なんど研究を投げ出して医者にもどろうかと思ったことか。しかし、35歳で死ぬかもしれんのだから、とりあえずそれまではがんばろうとふんばっていた。そうして迎えた35歳の誕生日。あぁ、いよいよやめるべき日がきたかと思ったけれど、いざとなると、精神は弱く慣性は強し。いや35歳はまだ364日ある、と言い訳をしながら続けることに。そしていよいよ自らが設けた仕切り、36歳の誕生日が目前にせまったころ、二つの、小さいけれど忘れられないできごとがあった。

ひとつは、お風呂でシャワーを浴びていた時に、悲しくもなんともないのに、涙がぼろぼろこぼれたことである。あとにもさきにも一度もない、ものすごく不思議な経験であったけれど、なぜか「あぁこれがボトムなんや」という気がした。そして、これが最悪やったらどうということはない、と、ずいぶんと楽になった。かといって研究は進まず、いよいよ辞めんとあかんかなぁ、という気持ちはつのる一方であった。

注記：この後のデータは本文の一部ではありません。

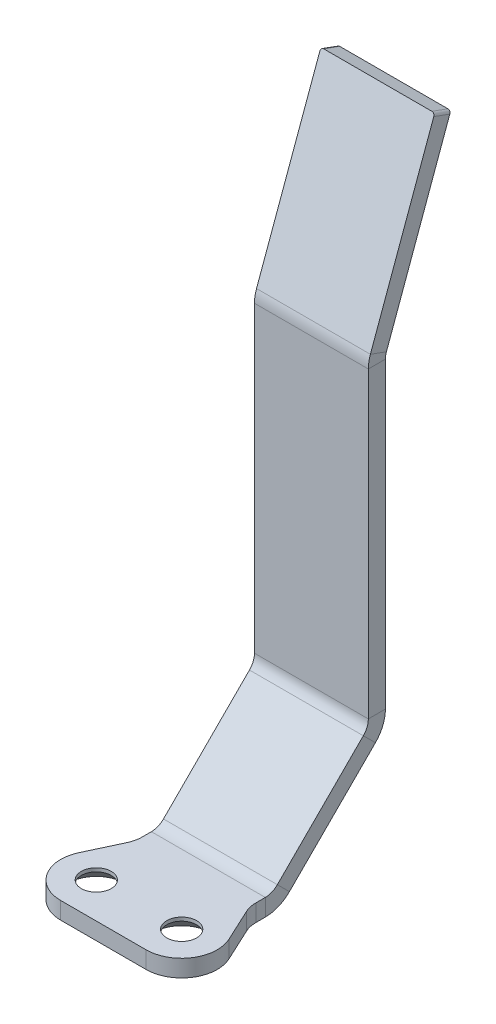
ISO-10303-21;
HEADER;
FILE_DESCRIPTION(('STEP AP214'),'2;1');
FILE_NAME('part.step','',(''),(''),'','','');
FILE_SCHEMA(('AUTOMOTIVE_DESIGN { 1 0 10303 214 1 1 1 1 }'));
ENDSEC;
DATA;
#1=APPLICATION_CONTEXT('core data for automotive mechanical design processes');
#2=APPLICATION_PROTOCOL_DEFINITION('international standard','automotive_design',2000,#1);
#3=PRODUCT_CONTEXT('',#1,'mechanical');
#4=PRODUCT('Part','Part','',(#3));
#5=PRODUCT_RELATED_PRODUCT_CATEGORY('part','',(#4));
#6=PRODUCT_DEFINITION_FORMATION('','',#4);
#7=PRODUCT_DEFINITION_CONTEXT('part definition',#1,'design');
#8=PRODUCT_DEFINITION('design','',#6,#7);
#9=PRODUCT_DEFINITION_SHAPE('','',#8);
#10=(LENGTH_UNIT() NAMED_UNIT(*) SI_UNIT(.MILLI.,.METRE.));
#11=(NAMED_UNIT(*) PLANE_ANGLE_UNIT() SI_UNIT($,.RADIAN.));
#12=(NAMED_UNIT(*) SI_UNIT($,.STERADIAN.) SOLID_ANGLE_UNIT());
#13=UNCERTAINTY_MEASURE_WITH_UNIT(LENGTH_MEASURE(1.E-05),#10,'distance_accuracy_value','');
#14=(GEOMETRIC_REPRESENTATION_CONTEXT(3) GLOBAL_UNCERTAINTY_ASSIGNED_CONTEXT((#13)) GLOBAL_UNIT_ASSIGNED_CONTEXT((#10,
#11,#12)) REPRESENTATION_CONTEXT('',''));
#15=CARTESIAN_POINT('',(0.,0.,0.));
#16=DIRECTION('',(0.,0.,1.));
#17=DIRECTION('',(1.,0.,0.));
#18=AXIS2_PLACEMENT_3D('',#15,#16,#17);
#19=CARTESIAN_POINT('',(-19.,264.825848886663,-17.3326174038699));
#20=DIRECTION('',(0.,-0.939692620785908,0.342020143325669));
#21=DIRECTION('',(0.,-0.342020143325669,-0.939692620785908));
#22=AXIS2_PLACEMENT_3D('',#19,#20,#21);
#23=PLANE('',#22);
#24=DIRECTION('',(-1.,0.,0.));
#25=VECTOR('',#24,1.);
#26=CARTESIAN_POINT('',(-19.,262.773728026709,-22.9707731285853));
#27=LINE('',#26,#25);
#28=CARTESIAN_POINT('',(19.,262.773728026709,-22.9707731285853));
#29=VERTEX_POINT('',#28);
#30=CARTESIAN_POINT('',(-19.,262.773728026709,-22.9707731285853));
#31=VERTEX_POINT('',#30);
#32=EDGE_CURVE('E255',#29,#31,#27,.T.);
#33=ORIENTED_EDGE('',*,*,#32,.T.);
#34=DIRECTION('',(0.,-0.342020143325669,-0.939692620785908));
#35=VECTOR('',#34,1.);
#36=CARTESIAN_POINT('',(-19.,264.825848886663,-17.3326174038699));
#37=LINE('',#36,#35);
#38=CARTESIAN_POINT('',(-19.,264.825848886663,-17.3326174038699));
#39=VERTEX_POINT('',#38);
#40=EDGE_CURVE('E466',#39,#31,#37,.T.);
#41=ORIENTED_EDGE('',*,*,#40,.F.);
#42=DIRECTION('',(-1.,0.,0.));
#43=VECTOR('',#42,1.);
#44=CARTESIAN_POINT('',(-19.,264.825848886663,-17.3326174038699));
#45=LINE('',#44,#43);
#46=CARTESIAN_POINT('',(19.,264.825848886663,-17.3326174038699));
#47=VERTEX_POINT('',#46);
#48=EDGE_CURVE('E457',#47,#39,#45,.T.);
#49=ORIENTED_EDGE('',*,*,#48,.F.);
#50=DIRECTION('',(0.,-0.342020143325669,-0.939692620785908));
#51=VECTOR('',#50,1.);
#52=CARTESIAN_POINT('',(19.,264.825848886663,-17.3326174038699));
#53=LINE('',#52,#51);
#54=EDGE_CURVE('E257',#47,#29,#53,.T.);
#55=ORIENTED_EDGE('',*,*,#54,.T.);
#56=EDGE_LOOP('',(#33,#41,#49,#55));
#57=FACE_BOUND('',#56,.T.);
#58=ADVANCED_FACE('F32',(#57),#23,.F.);
#59=CARTESIAN_POINT('',(19.,263.886156265877,-16.9905972605442));
#60=DIRECTION('',(0.,-0.342020143325669,-0.939692620785908));
#61=DIRECTION('',(-1.,0.,0.));
#62=AXIS2_PLACEMENT_3D('',#59,#60,#61);
#63=CYLINDRICAL_SURFACE('',#62,1.);
#64=CARTESIAN_POINT('',(19.,261.834035405923,-22.6287529852597));
#65=DIRECTION('',(0.,0.342020143325669,0.939692620785908));
#66=DIRECTION('',(1.,0.,0.));
#67=AXIS2_PLACEMENT_3D('',#64,#65,#66);
#68=CIRCLE('',#67,1.);
#69=CARTESIAN_POINT('',(20.,261.834035405923,-22.6287529852597));
#70=VERTEX_POINT('',#69);
#71=EDGE_CURVE('E474',#70,#29,#68,.T.);
#72=ORIENTED_EDGE('',*,*,#71,.T.);
#73=ORIENTED_EDGE('',*,*,#54,.F.);
#74=CARTESIAN_POINT('',(19.,263.886156265877,-16.9905972605442));
#75=DIRECTION('',(0.,0.342020143325669,0.939692620785908));
#76=DIRECTION('',(1.,0.,0.));
#77=AXIS2_PLACEMENT_3D('',#74,#75,#76);
#78=CIRCLE('',#77,1.);
#79=CARTESIAN_POINT('',(20.,263.886156265877,-16.9905972605442));
#80=VERTEX_POINT('',#79);
#81=EDGE_CURVE('E459',#80,#47,#78,.T.);
#82=ORIENTED_EDGE('',*,*,#81,.F.);
#83=DIRECTION('',(0.,-0.342020143325669,-0.939692620785908));
#84=VECTOR('',#83,1.);
#85=CARTESIAN_POINT('',(20.,263.886156265877,-16.9905972605442));
#86=LINE('',#85,#84);
#87=EDGE_CURVE('E471',#80,#70,#86,.T.);
#88=ORIENTED_EDGE('',*,*,#87,.T.);
#89=EDGE_LOOP('',(#72,#73,#82,#88));
#90=FACE_BOUND('',#89,.T.);
#91=ADVANCED_FACE('F489',(#90),#63,.T.);
#92=CARTESIAN_POINT('',(-19.,263.886156265877,-16.9905972605442));
#93=DIRECTION('',(0.,-0.342020143325669,-0.939692620785908));
#94=DIRECTION('',(-1.,0.,0.));
#95=AXIS2_PLACEMENT_3D('',#92,#93,#94);
#96=CYLINDRICAL_SURFACE('',#95,1.);
#97=CARTESIAN_POINT('',(-19.,261.834035405923,-22.6287529852597));
#98=DIRECTION('',(0.,0.342020143325669,0.939692620785908));
#99=DIRECTION('',(-1.,0.,0.));
#100=AXIS2_PLACEMENT_3D('',#97,#98,#99);
#101=CIRCLE('',#100,1.);
#102=CARTESIAN_POINT('',(-20.,261.834035405923,-22.6287529852597));
#103=VERTEX_POINT('',#102);
#104=EDGE_CURVE('E469',#31,#103,#101,.T.);
#105=ORIENTED_EDGE('',*,*,#104,.T.);
#106=DIRECTION('',(0.,-0.342020143325669,-0.939692620785908));
#107=VECTOR('',#106,1.);
#108=CARTESIAN_POINT('',(-20.,263.886156265877,-16.9905972605442));
#109=LINE('',#108,#107);
#110=CARTESIAN_POINT('',(-20.,263.886156265877,-16.9905972605442));
#111=VERTEX_POINT('',#110);
#112=EDGE_CURVE('E464',#111,#103,#109,.T.);
#113=ORIENTED_EDGE('',*,*,#112,.F.);
#114=CARTESIAN_POINT('',(-19.,263.886156265877,-16.9905972605442));
#115=DIRECTION('',(0.,0.342020143325669,0.939692620785908));
#116=DIRECTION('',(-1.,0.,0.));
#117=AXIS2_PLACEMENT_3D('',#114,#115,#116);
#118=CIRCLE('',#117,1.);
#119=EDGE_CURVE('E226',#39,#111,#118,.T.);
#120=ORIENTED_EDGE('',*,*,#119,.F.);
#121=ORIENTED_EDGE('',*,*,#40,.T.);
#122=EDGE_LOOP('',(#105,#113,#120,#121));
#123=FACE_BOUND('',#122,.T.);
#124=ADVANCED_FACE('F487',(#123),#96,.T.);
#125=CARTESIAN_POINT('',(-20.,45.0053694169066,62.6754940052464));
#126=DIRECTION('',(1.,0.,0.));
#127=DIRECTION('',(0.,0.939692620785908,-0.342020143325669));
#128=AXIS2_PLACEMENT_3D('',#125,#126,#127);
#129=PLANE('',#128);
#130=DIRECTION('',(0.,-0.342020143325669,-0.939692620785908));
#131=VECTOR('',#130,1.);
#132=CARTESIAN_POINT('',(-20.,202.708327384163,5.2763114494309));
#133=LINE('',#132,#131);
#134=CARTESIAN_POINT('',(-20.,202.708327384163,5.27631144943089));
#135=VERTEX_POINT('',#134);
#136=CARTESIAN_POINT('',(-20.,200.656206524209,-0.361844275284545));
#137=VERTEX_POINT('',#136);
#138=EDGE_CURVE('E233',#135,#137,#133,.T.);
#139=ORIENTED_EDGE('',*,*,#138,.F.);
#140=DIRECTION('',(0.,-0.939692620785908,0.342020143325669));
#141=VECTOR('',#140,1.);
#142=CARTESIAN_POINT('',(-20.,45.0053694169066,62.6754940052464));
#143=LINE('',#142,#141);
#144=EDGE_CURVE('E222',#111,#135,#143,.T.);
#145=ORIENTED_EDGE('',*,*,#144,.F.);
#146=ORIENTED_EDGE('',*,*,#112,.T.);
#147=DIRECTION('',(0.,-0.939692620785908,0.342020143325669));
#148=VECTOR('',#147,1.);
#149=CARTESIAN_POINT('',(-20.,42.9532485569526,57.0373382805309));
#150=LINE('',#149,#148);
#151=EDGE_CURVE('E236',#103,#137,#150,.T.);
#152=ORIENTED_EDGE('',*,*,#151,.T.);
#153=EDGE_LOOP('',(#139,#145,#146,#152));
#154=FACE_BOUND('',#153,.T.);
#155=ADVANCED_FACE('F235',(#154),#129,.F.);
#156=CARTESIAN_POINT('',(-15.,25.2042305862563,69.8825191441758));
#157=DIRECTION('',(0.,-0.342020143325669,-0.939692620785908));
#158=DIRECTION('',(-1.,0.,0.));
#159=AXIS2_PLACEMENT_3D('',#156,#157,#158);
#160=PLANE('',#159);
#161=DIRECTION('',(-1.,0.,0.));
#162=VECTOR('',#161,1.);
#163=CARTESIAN_POINT('',(-15.,202.708327384163,5.2763114494309));
#164=LINE('',#163,#162);
#165=CARTESIAN_POINT('',(20.,202.708327384163,5.2763114494309));
#166=VERTEX_POINT('',#165);
#167=EDGE_CURVE('E82',#166,#135,#164,.T.);
#168=ORIENTED_EDGE('',*,*,#167,.F.);
#169=DIRECTION('',(0.,0.939692620785908,-0.342020143325669));
#170=VECTOR('',#169,1.);
#171=CARTESIAN_POINT('',(20.,45.0053694169066,62.6754940052464));
#172=LINE('',#171,#170);
#173=EDGE_CURVE('E461',#166,#80,#172,.T.);
#174=ORIENTED_EDGE('',*,*,#173,.T.);
#175=ORIENTED_EDGE('',*,*,#81,.T.);
#176=ORIENTED_EDGE('',*,*,#48,.T.);
#177=ORIENTED_EDGE('',*,*,#119,.T.);
#178=ORIENTED_EDGE('',*,*,#144,.T.);
#179=EDGE_LOOP('',(#168,#174,#175,#176,#177,#178));
#180=FACE_BOUND('',#179,.T.);
#181=ADVANCED_FACE('F224',(#180),#160,.F.);
#182=CARTESIAN_POINT('',(20.,45.0053694169066,62.6754940052464));
#183=DIRECTION('',(-1.,0.,0.));
#184=DIRECTION('',(0.,-0.939692620785908,0.342020143325669));
#185=AXIS2_PLACEMENT_3D('',#182,#183,#184);
#186=PLANE('',#185);
#187=DIRECTION('',(0.,0.342020143325669,0.939692620785908));
#188=VECTOR('',#187,1.);
#189=CARTESIAN_POINT('',(20.,202.708327384163,5.2763114494309));
#190=LINE('',#189,#188);
#191=CARTESIAN_POINT('',(20.,200.656206524209,-0.361844275284545));
#192=VERTEX_POINT('',#191);
#193=EDGE_CURVE('E88',#192,#166,#190,.T.);
#194=ORIENTED_EDGE('',*,*,#193,.F.);
#195=DIRECTION('',(0.,0.939692620785908,-0.342020143325669));
#196=VECTOR('',#195,1.);
#197=CARTESIAN_POINT('',(20.,42.9532485569526,57.0373382805309));
#198=LINE('',#197,#196);
#199=EDGE_CURVE('E230',#192,#70,#198,.T.);
#200=ORIENTED_EDGE('',*,*,#199,.T.);
#201=ORIENTED_EDGE('',*,*,#87,.F.);
#202=ORIENTED_EDGE('',*,*,#173,.F.);
#203=EDGE_LOOP('',(#194,#200,#201,#202));
#204=FACE_BOUND('',#203,.T.);
#205=ADVANCED_FACE('F799',(#204),#186,.F.);
#206=CARTESIAN_POINT('',(-15.,23.1521097263023,64.2443634194604));
#207=DIRECTION('',(0.,-0.342020143325669,-0.939692620785908));
#208=DIRECTION('',(-1.,0.,0.));
#209=AXIS2_PLACEMENT_3D('',#206,#207,#208);
#210=PLANE('',#209);
#211=ORIENTED_EDGE('',*,*,#199,.F.);
#212=DIRECTION('',(-1.,0.,0.));
#213=VECTOR('',#212,1.);
#214=CARTESIAN_POINT('',(-15.,200.656206524209,-0.361844275284545));
#215=LINE('',#214,#213);
#216=EDGE_CURVE('E49',#192,#137,#215,.T.);
#217=ORIENTED_EDGE('',*,*,#216,.T.);
#218=ORIENTED_EDGE('',*,*,#151,.F.);
#219=ORIENTED_EDGE('',*,*,#104,.F.);
#220=ORIENTED_EDGE('',*,*,#32,.F.);
#221=ORIENTED_EDGE('',*,*,#71,.F.);
#222=EDGE_LOOP('',(#211,#217,#218,#219,#220,#221));
#223=FACE_BOUND('',#222,.T.);
#224=ADVANCED_FACE('F485',(#223),#210,.T.);
#225=CARTESIAN_POINT('',(-30.,55.9343471947095,45.4937209920029));
#226=DIRECTION('',(0.,-1.,0.));
#227=DIRECTION('',(-1.,0.,0.));
#228=AXIS2_PLACEMENT_3D('',#225,#226,#227);
#229=CYLINDRICAL_SURFACE('',#228,10.);
#230=CARTESIAN_POINT('',(-30.,49.9343471947095,45.4937209920029));
#231=DIRECTION('',(0.,-1.,0.));
#232=DIRECTION('',(1.,0.,0.));
#233=AXIS2_PLACEMENT_3D('',#230,#231,#232);
#234=CIRCLE('',#233,10.);
#235=CARTESIAN_POINT('',(-20.,49.9343471947095,45.4937209920029));
#236=VERTEX_POINT('',#235);
#237=CARTESIAN_POINT('',(-20.9369221296335,49.9343471947095,49.7199036094099));
#238=VERTEX_POINT('',#237);
#239=EDGE_CURVE('E152',#236,#238,#234,.T.);
#240=ORIENTED_EDGE('',*,*,#239,.T.);
#241=DIRECTION('',(0.,-1.,0.));
#242=VECTOR('',#241,1.);
#243=CARTESIAN_POINT('',(-20.9369221296335,55.9343471947095,49.7199036094099));
#244=LINE('',#243,#242);
#245=CARTESIAN_POINT('',(-20.9369221296335,55.9343471947095,49.7199036094099));
#246=VERTEX_POINT('',#245);
#247=EDGE_CURVE('E435',#246,#238,#244,.T.);
#248=ORIENTED_EDGE('',*,*,#247,.F.);
#249=CARTESIAN_POINT('',(-30.,55.9343471947095,45.4937209920029));
#250=DIRECTION('',(0.,-1.,0.));
#251=DIRECTION('',(1.,0.,0.));
#252=AXIS2_PLACEMENT_3D('',#249,#250,#251);
#253=CIRCLE('',#252,10.);
#254=CARTESIAN_POINT('',(-20.,55.9343471947095,45.4937209920029));
#255=VERTEX_POINT('',#254);
#256=EDGE_CURVE('E396',#255,#246,#253,.T.);
#257=ORIENTED_EDGE('',*,*,#256,.F.);
#258=DIRECTION('',(0.,-1.,0.));
#259=VECTOR('',#258,1.);
#260=CARTESIAN_POINT('',(-20.,55.9343471947095,45.4937209920029));
#261=LINE('',#260,#259);
#262=EDGE_CURVE('E439',#255,#236,#261,.T.);
#263=ORIENTED_EDGE('',*,*,#262,.T.);
#264=EDGE_LOOP('',(#240,#248,#257,#263));
#265=FACE_BOUND('',#264,.T.);
#266=ADVANCED_FACE('F558',(#265),#229,.F.);
#267=CARTESIAN_POINT('',(-26.3288473379581,55.9343471947095,61.2829245335319));
#268=DIRECTION('',(0.906307787036649,0.,0.422618261740701));
#269=DIRECTION('',(0.422618261740701,0.,-0.906307787036649));
#270=AXIS2_PLACEMENT_3D('',#267,#268,#269);
#271=PLANE('',#270);
#272=DIRECTION('',(-0.422618261740701,0.,0.906307787036649));
#273=VECTOR('',#272,1.);
#274=CARTESIAN_POINT('',(-26.3288473379581,49.9343471947095,61.2829245335319));
#275=LINE('',#274,#273);
#276=CARTESIAN_POINT('',(-26.3288473379581,49.9343471947095,61.2829245335319));
#277=VERTEX_POINT('',#276);
#278=EDGE_CURVE('E437',#238,#277,#275,.T.);
#279=ORIENTED_EDGE('',*,*,#278,.T.);
#280=DIRECTION('',(0.,-1.,0.));
#281=VECTOR('',#280,1.);
#282=CARTESIAN_POINT('',(-26.3288473379581,55.9343471947095,61.2829245335319));
#283=LINE('',#282,#281);
#284=CARTESIAN_POINT('',(-26.3288473379581,55.9343471947095,61.2829245335319));
#285=VERTEX_POINT('',#284);
#286=EDGE_CURVE('E429',#285,#277,#283,.T.);
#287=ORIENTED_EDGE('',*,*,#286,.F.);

京都大学というのは、ちょっと特殊事情があって、大阪のような遠くから通ってくるのは少数派で、多くの人は大学の近辺に住んでいる。だから、研究時間はかなりフレキシブルで、夜中に実験する人もけっこういる。私も、実験で遅くなった時のために大学の近くに部屋を借りていたのであるが、その涙の日から何日かたった眠れぬ夜、午前二時頃にふらっと研究室に出かけた時、二つめのできごとに遭遇した。

当時講師であった私は、「六研」という大きな研究室を一つまかされ、7〜8人の大学院生たちを指導していたが、その夜、夜中の二時というのに、なんと、その部屋の全員が実験をしていたのである。めったにあることではない。心底おどろき、我が目を疑った。辞めるということは、この子らの研究指導を途中でほうりだすことなのだ。こんなにがんばってくれているのに、そんなわけにはいくまいと、36歳の誕生日をすぎてから、もうすこしがんばる決意をした。

そして一ヶ月あまり。それまでもやもやしていた研究が劇的に進み、ゴールデンウィークあけに目が覚めるほどすばらしいデータが出た。いまでもそのデータを見た時の興奮は昨日のことのように思い出せる。うれしくてうれしくて、キャンパスのまわりを、意味もなく、1時間も2時間も自転車で走り回ったのだから。そして、その研究が無事にScience誌に掲載され、母校大阪大学の微生物病研究所教授へと栄転することがきまった。

いいデータが出てしばらくしたある日、鼻歌を歌っている自分を発見して、あぁ鼻歌を歌うのはどれだけぶりだろうか、と驚いたことがある。後から振り返ってみると、限界まで追い詰められていたのかとわかるけれど、追い詰められている時というのは、そこまでとは思っていなかった。苦労を売りにするようでは、人間、最後である、と常々思っているし、苦労などしないにこしたことはない。しかし、あの頃の苦労があったから、それ以降、たいがいのことがあっても、まぁ、あれに比べればどうっちゅうことはない、という腹のくくり方ができているのも事実である。

カタルシスのような涙がなかったら、そして、午前二時の研究室全員集合状態がなかったら、36歳の誕生日を契機に研究を辞めていただろうと思う。ひょっとしたら、あのころは、私の近くに神様がいて、あと一歩だからもうちょっと続けなさいと励ましてくれていたのかもしれない。研究をしていると、必ずしんどいことがあるし、そのしんどいことを乗り越えないと、次の一面に挑戦する権利すら与えられない。残念なことに、努力は必ずしも報われるとは限らない。しかし、かつての大阪大学総長・山村雄一先生が残された名言「天命を待って人事を尽くす」という姿勢だけは保っていないと、決して前に進むこともできないのだ。二つの小さな出来事がなければ人事を尽くせなかっただろうと思うと、とても不思議な気がする。でも、天命や運命というのは、ひょっとしたら、その程度の小さなことで決まっていくものなのかもしれませんね。